Tools like Postman and Hoppscotch make working with these OpenAPI definitions easy and can help throughout the API lifecycle, as you will see in the later parts of this article.
IDEs like Visual Studio Code also has tooling for working with OpenAPI.
Validating Definitions
After making changes to their API definition, developers can open pull requests as they would when making changes to the code.
The changes to the API definition in these pull requests will represent actual changes to the API. So, testing these changes is essential.

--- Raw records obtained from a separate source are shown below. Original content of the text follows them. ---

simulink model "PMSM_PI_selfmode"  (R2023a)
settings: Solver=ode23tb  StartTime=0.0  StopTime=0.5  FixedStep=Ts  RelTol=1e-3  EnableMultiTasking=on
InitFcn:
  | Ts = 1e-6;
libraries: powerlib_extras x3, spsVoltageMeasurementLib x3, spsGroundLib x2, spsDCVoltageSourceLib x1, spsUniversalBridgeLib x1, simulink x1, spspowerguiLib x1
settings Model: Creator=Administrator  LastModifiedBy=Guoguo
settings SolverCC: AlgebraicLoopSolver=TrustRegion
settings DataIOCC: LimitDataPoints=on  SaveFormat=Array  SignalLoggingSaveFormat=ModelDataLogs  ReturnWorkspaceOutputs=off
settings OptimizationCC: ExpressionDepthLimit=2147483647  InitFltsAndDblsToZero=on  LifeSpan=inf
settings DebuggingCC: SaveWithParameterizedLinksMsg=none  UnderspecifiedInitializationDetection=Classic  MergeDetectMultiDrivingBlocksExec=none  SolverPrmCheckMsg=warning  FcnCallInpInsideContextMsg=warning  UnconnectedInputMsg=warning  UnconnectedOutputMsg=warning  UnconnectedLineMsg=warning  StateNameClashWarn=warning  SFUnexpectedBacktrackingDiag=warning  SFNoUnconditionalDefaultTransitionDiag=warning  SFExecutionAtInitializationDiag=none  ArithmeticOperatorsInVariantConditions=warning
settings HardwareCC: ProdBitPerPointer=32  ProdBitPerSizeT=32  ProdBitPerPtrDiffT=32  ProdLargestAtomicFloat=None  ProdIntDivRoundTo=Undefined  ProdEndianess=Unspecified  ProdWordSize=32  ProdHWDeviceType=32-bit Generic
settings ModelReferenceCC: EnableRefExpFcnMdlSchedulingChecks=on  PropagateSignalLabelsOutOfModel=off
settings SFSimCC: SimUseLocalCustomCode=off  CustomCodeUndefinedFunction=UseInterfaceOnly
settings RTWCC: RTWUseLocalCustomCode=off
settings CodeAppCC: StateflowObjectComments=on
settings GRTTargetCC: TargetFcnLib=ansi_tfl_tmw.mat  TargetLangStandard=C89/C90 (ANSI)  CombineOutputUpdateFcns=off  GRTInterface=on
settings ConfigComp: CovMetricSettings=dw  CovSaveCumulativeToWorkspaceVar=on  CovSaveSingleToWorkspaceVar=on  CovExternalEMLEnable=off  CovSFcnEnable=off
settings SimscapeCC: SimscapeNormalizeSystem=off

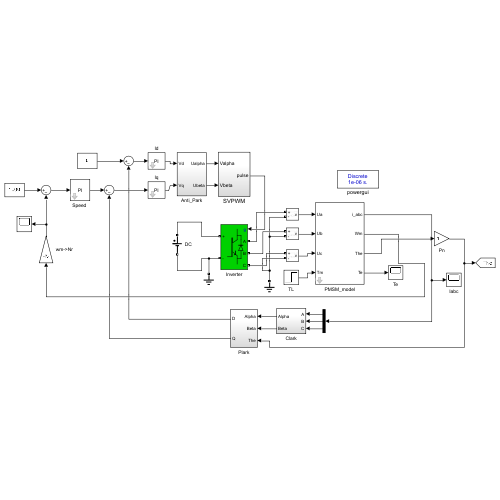
[thumbnail: Simulink's stored preview of the top-level diagram]
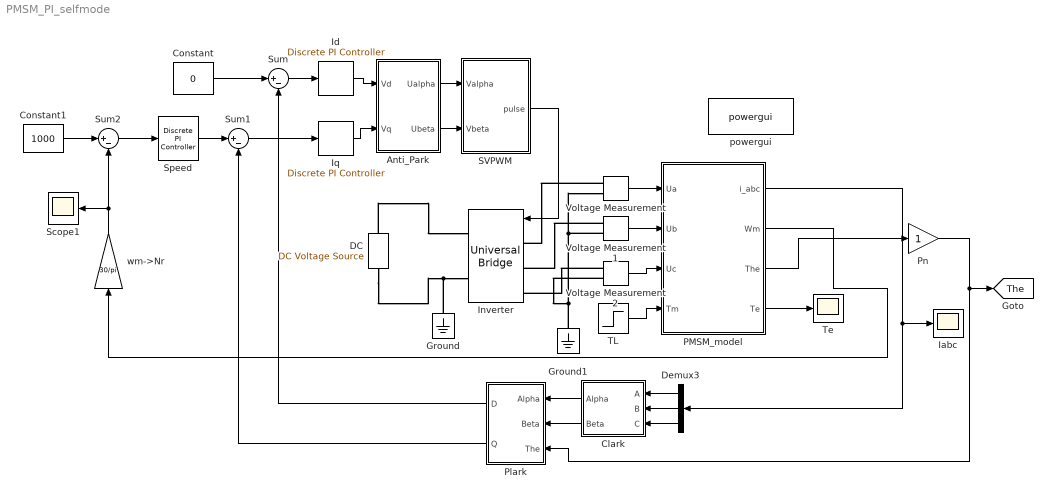
== system PMSM_PI_selfmode ==
  Anti_Park : Subsystem
  Clark : Subsystem
  Constant : Constant  Value=0
  Constant1 : Constant  Value=1000
  "DC " : spsDCVoltageSourceLib/DC Voltage Source  Amplitude=350  Measurements=None
  Demux3 : Demux  Outputs=3
  Ground : spsGroundLib/Ground  LConnTagsString=a
  Ground1 : spsGroundLib/Ground  LConnTagsString=a
  Iabc : Scope
  Id : powerlib_extras/Discrete  Control Blocks/Discrete PI Controller  Kp=8.8e-3*2200  Ki=2.875*2200  Par_Limits=[200 -200]  Init=0  Ts=Ts
  Inverter : spsUniversalBridgeLib/Universal Bridge  Arms=3  SnubberResistance=1e5  SnubberCapacitance=inf  Device=IGBT / Diodes  Ron=1e-3  Lon=0  ForwardVoltages="[  0  0  ]"  ForwardVoltage=0  GTOparameters=[ 10e-6 , 20e-6 ]  IGBTparameters=[ 1e-6 , 2e-6 ]  Measurements=None  Measurements_2=None  converterType=Rectifier
  Iq : powerlib_extras/Discrete  Control Blocks/Discrete PI Controller  Kp=8.5e-3*2200  Ki=2.875*20000  Par_Limits=[200 -200]  Init=0  Ts=Ts
  PMSM_model : Subsystem  mask{Ld=8.5e-3, Lq=8.5e-3, R=2.875, Pn=2, flux=0.533, B=0.0001, J=0.008}
      mask prompts: Ld "d-Inductances(Ld)"; Lq "q-Inductances(Lq)"; R "resistance(R)"; Pn "pole pairs(Pn)"; flux "Flux linkage(flux)"; B "viscous damping(B)"; J "Inertia(J)"
  Plark : Subsystem
  Pn : Gain
  SVPWM : Subsystem
  Scope1 : Scope
  "Speed " : powerlib_extras/Discrete  Control Blocks/Discrete PI Controller  Kp=0.2  Ki=10/4  Par_Limits=[15 -15]  Init=0  Ts=Ts
  Sum : Sum  Inputs=|+-
  Sum1 : Sum  Inputs=|+-
  Sum2 : Sum  Inputs=|+-
  TL : Step  Time=0.3  After=5  SampleTime=0
  Te : Scope
  Voltage Measurement : spsVoltageMeasurementLib/Voltage Measurement  PhasorSimulation=off  OutputType=Complex  PSBequivalent=0
  Voltage Measurement1 : spsVoltageMeasurementLib/Voltage Measurement  PhasorSimulation=off  OutputType=Complex  PSBequivalent=0
  Voltage Measurement2 : spsVoltageMeasurementLib/Voltage Measurement  PhasorSimulation=off  OutputType=Complex  PSBequivalent=0
  powergui : spspowerguiLib/powergui  SimulationMode=Discrete  SampleTime=Ts  frequency=60  Iterations=50  frequencyindice=0  Pbase=100e6  ErrMax=1e-4  UnitsV=kV  UnitsW=MW  buscounter=0  FunctionMessages=off  echomessages=off  EnableUseOfTLC=off  CurrentSourceSwitches=off  DisableSnubberDevices=off  DisableRonSwitches=off  DisableVfSwitches=off  DisplayEquations=off  AutomaticDiscreteSolvers=off  SolverType=Tustin/Backward Euler (TBE)  Interpol=off  ExternalGateDelay=off  methode=off  Ts=0  x0status=blocks  SPID=off  SwTol=0  HookPort=off  NonlinearTolerance=1e-4  nMaxIteration=100  ContinueOnMaxIteration=off  RestoreLinks=warning  ResistiveCurrentMeasurement=off  Frange=[0:2:500]  Ylog=off  Xlog=on  ShowGrid=off  save=off  variable=ZData  structure=0  ZoomFFT=off  StartTime=0.0  cycles=1  DisplayStyle=1  fundamental=60  FreqAxis=off  MaxFrequency=1000  frequencyindicesteady=1  RmsSteady=1  display=off
  wm->Nr : Gain  Gain=30/pi
  tag scope: The=global
  wires:
  SVPWM/1(pulse) -> Inverter/1
  Id/1 -> Anti_Park/1(Vd)
  Iq/1 -> Anti_Park/2(Vq)
  Sum/1 -> Id/1
  Sum1/1 -> Iq/1
  Sum2/1 -> "Speed "/1
  Constant1/1 -> Sum2/1
  "Speed "/1 -> Sum1/1
  wm->Nr/1 -> Sum2/2, Scope1/1
  Anti_Park/1(Ualpha) -> SVPWM/1(Valpha)
  Anti_Park/2(Ubeta) -> SVPWM/2(Vbeta)
  Constant/1 -> Sum/1
  Pn/1 -> Plark/3(The), [The]
  PMSM_model/3(The) -> Pn/1
  PMSM_model/2(Wm) -> wm->Nr/1
  PMSM_model/1(i_abc) -> Iabc/1, Demux3/1
  Clark/2(Beta) -> Plark/2(Beta)
  Clark/1(Alpha) -> Plark/1(Alpha)
  Demux3/1 -> Clark/1(A)
  Demux3/2 -> Clark/2(B)
  Demux3/3 -> Clark/3(C)
  Plark/1(D) -> Sum/2
  Plark/2(Q) -> Sum1/2
  Voltage Measurement/1 -> PMSM_model/1(Ua)
  Voltage Measurement1/1 -> PMSM_model/2(Ub)
  Voltage Measurement2/1 -> PMSM_model/3(Uc)
  TL/1 -> PMSM_model/4(Tm)
  PMSM_model/4(Te) -> Te/1
  connections:
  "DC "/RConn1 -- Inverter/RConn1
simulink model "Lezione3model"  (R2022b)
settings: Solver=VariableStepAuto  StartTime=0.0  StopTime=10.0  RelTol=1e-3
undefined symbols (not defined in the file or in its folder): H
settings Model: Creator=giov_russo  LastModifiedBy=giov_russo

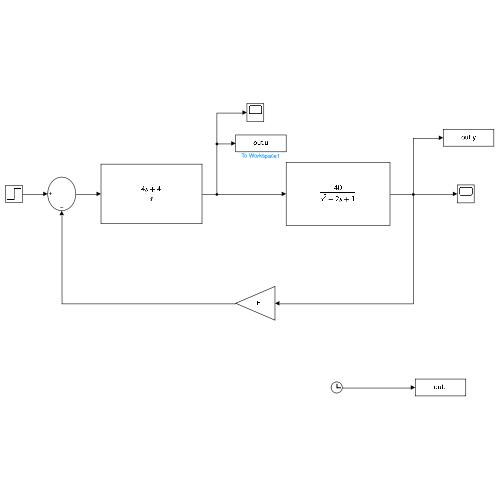
[thumbnail: Simulink's stored preview of the top-level diagram]
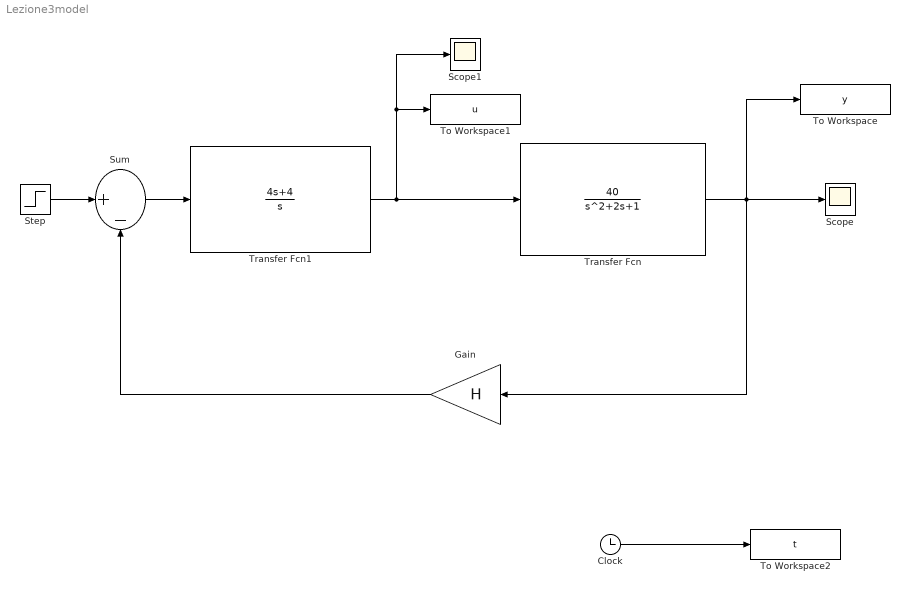
== system Lezione3model ==
  Clock : Clock
  Gain : Gain  Gain=H
  Scope : Scope
  Scope1 : Scope
  Step : Step  Time=0  SampleTime=0
  Sum : Sum  Inputs=|+-
  To Workspace : ToWorkspace  VariableName=y  SampleTime=-1
  To Workspace1 : ToWorkspace  VariableName=u  SampleTime=-1
  To Workspace2 : ToWorkspace  VariableName=t  SampleTime=-1
  Transfer Fcn : TransferFcn  Numerator=[40]
  Transfer Fcn1 : TransferFcn  Numerator=[4 4]  Denominator=[1 0]
  wires:
  Transfer Fcn1/1 -> Scope1/1, To Workspace1/1, Transfer Fcn/1
  Transfer Fcn/1 -> To Workspace/1, Scope/1, Gain/1
  Sum/1 -> Transfer Fcn1/1
  Gain/1 -> Sum/2
  Step/1 -> Sum/1
  Clock/1 -> To Workspace2/1
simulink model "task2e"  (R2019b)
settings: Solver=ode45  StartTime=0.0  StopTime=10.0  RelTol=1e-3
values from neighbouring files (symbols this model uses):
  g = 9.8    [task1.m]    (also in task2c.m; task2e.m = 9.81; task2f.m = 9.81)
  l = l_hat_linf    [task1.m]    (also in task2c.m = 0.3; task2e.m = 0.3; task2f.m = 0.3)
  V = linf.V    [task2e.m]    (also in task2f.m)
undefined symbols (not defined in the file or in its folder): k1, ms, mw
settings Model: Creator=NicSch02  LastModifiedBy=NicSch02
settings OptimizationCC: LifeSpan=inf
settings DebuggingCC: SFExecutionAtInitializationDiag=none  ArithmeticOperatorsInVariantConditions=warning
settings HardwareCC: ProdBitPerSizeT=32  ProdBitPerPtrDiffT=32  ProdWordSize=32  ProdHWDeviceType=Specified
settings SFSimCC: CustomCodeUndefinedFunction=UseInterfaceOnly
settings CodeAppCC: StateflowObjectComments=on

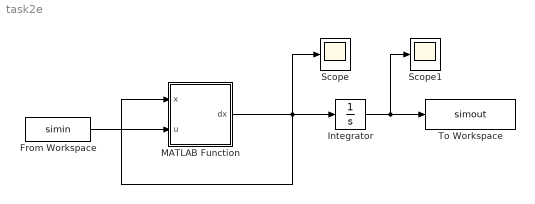
== system task2e ==
  From Workspace : FromWorkspace  VariableName=simin  SampleTime=0
  Integrator : Integrator
  MATLAB Function : MATLAB Function  TreatAsAtomicUnit=on
  Scope : Scope
  Scope1 : Scope
  To Workspace : ToWorkspace  VariableName=simout  SaveFormat=Timeseries  SampleTime=-1
  wires:
  MATLAB Function/1(dx) -> Scope/1, MATLAB Function/1(x), Integrator/1
  Integrator/1 -> Scope1/1, To Workspace/1
  From Workspace/1 -> MATLAB Function/2(u)

== matlab function task2e/MATLAB Function ==
  data: x input; g parameter; dx output; l parameter; u input; ms parameter; mw parameter; V parameter; k1 parameter
function dx = fcn(x,g,l,u, ms, mw, V, k1)
dx = [0;0;0;0];

dx(1) = x(3);
dx(2) = x(4);
dx(3) = (1/(mw+ms(1-cos(x(2))^2)))*(V*u - k1*x(3) + ms*l*x(4)^2*sin(x(2)) - ms*g*sin(x(2))*cos(x(2)));
dx(4) = (1/(1-(ms/(mw+ms))*cos(x(2))^2))*(g*sin(x(2)) - (cos(x(2))/(mw+ms))*(V*u-k1*x(3)) - ((ms/(mw+ms))*l*x(4)^2)*sin(x(2))*cos(x(2)));

An initial check can be done to ensure these definitions are valid. This will be the first step in our pipeline:
- name: Validate OpenAPI definition
uses: char0n/swagger-editor-validate@v1
with:
definition-file: config/OpenAPI.yaml
- name: Convert OpenAPI definition
run: adc openapi2apisix -f config/openAPI.yaml -o config/apisix.yaml
The above example configures a simple validation using the Swagger Editor. You can also use tools like Stoplight to define custom rulesets and API style guides as your APIs scale and the number of developers working on them increases.
Checking for Changes
Typically, APIs sit behind an API gateway. For our example, we will use Apache APISIX.
APISIX provides routing capabilities with added features like authentication, observability, and fine-grained traffic control. It will be responsible for routing requests from the clients to the APIs.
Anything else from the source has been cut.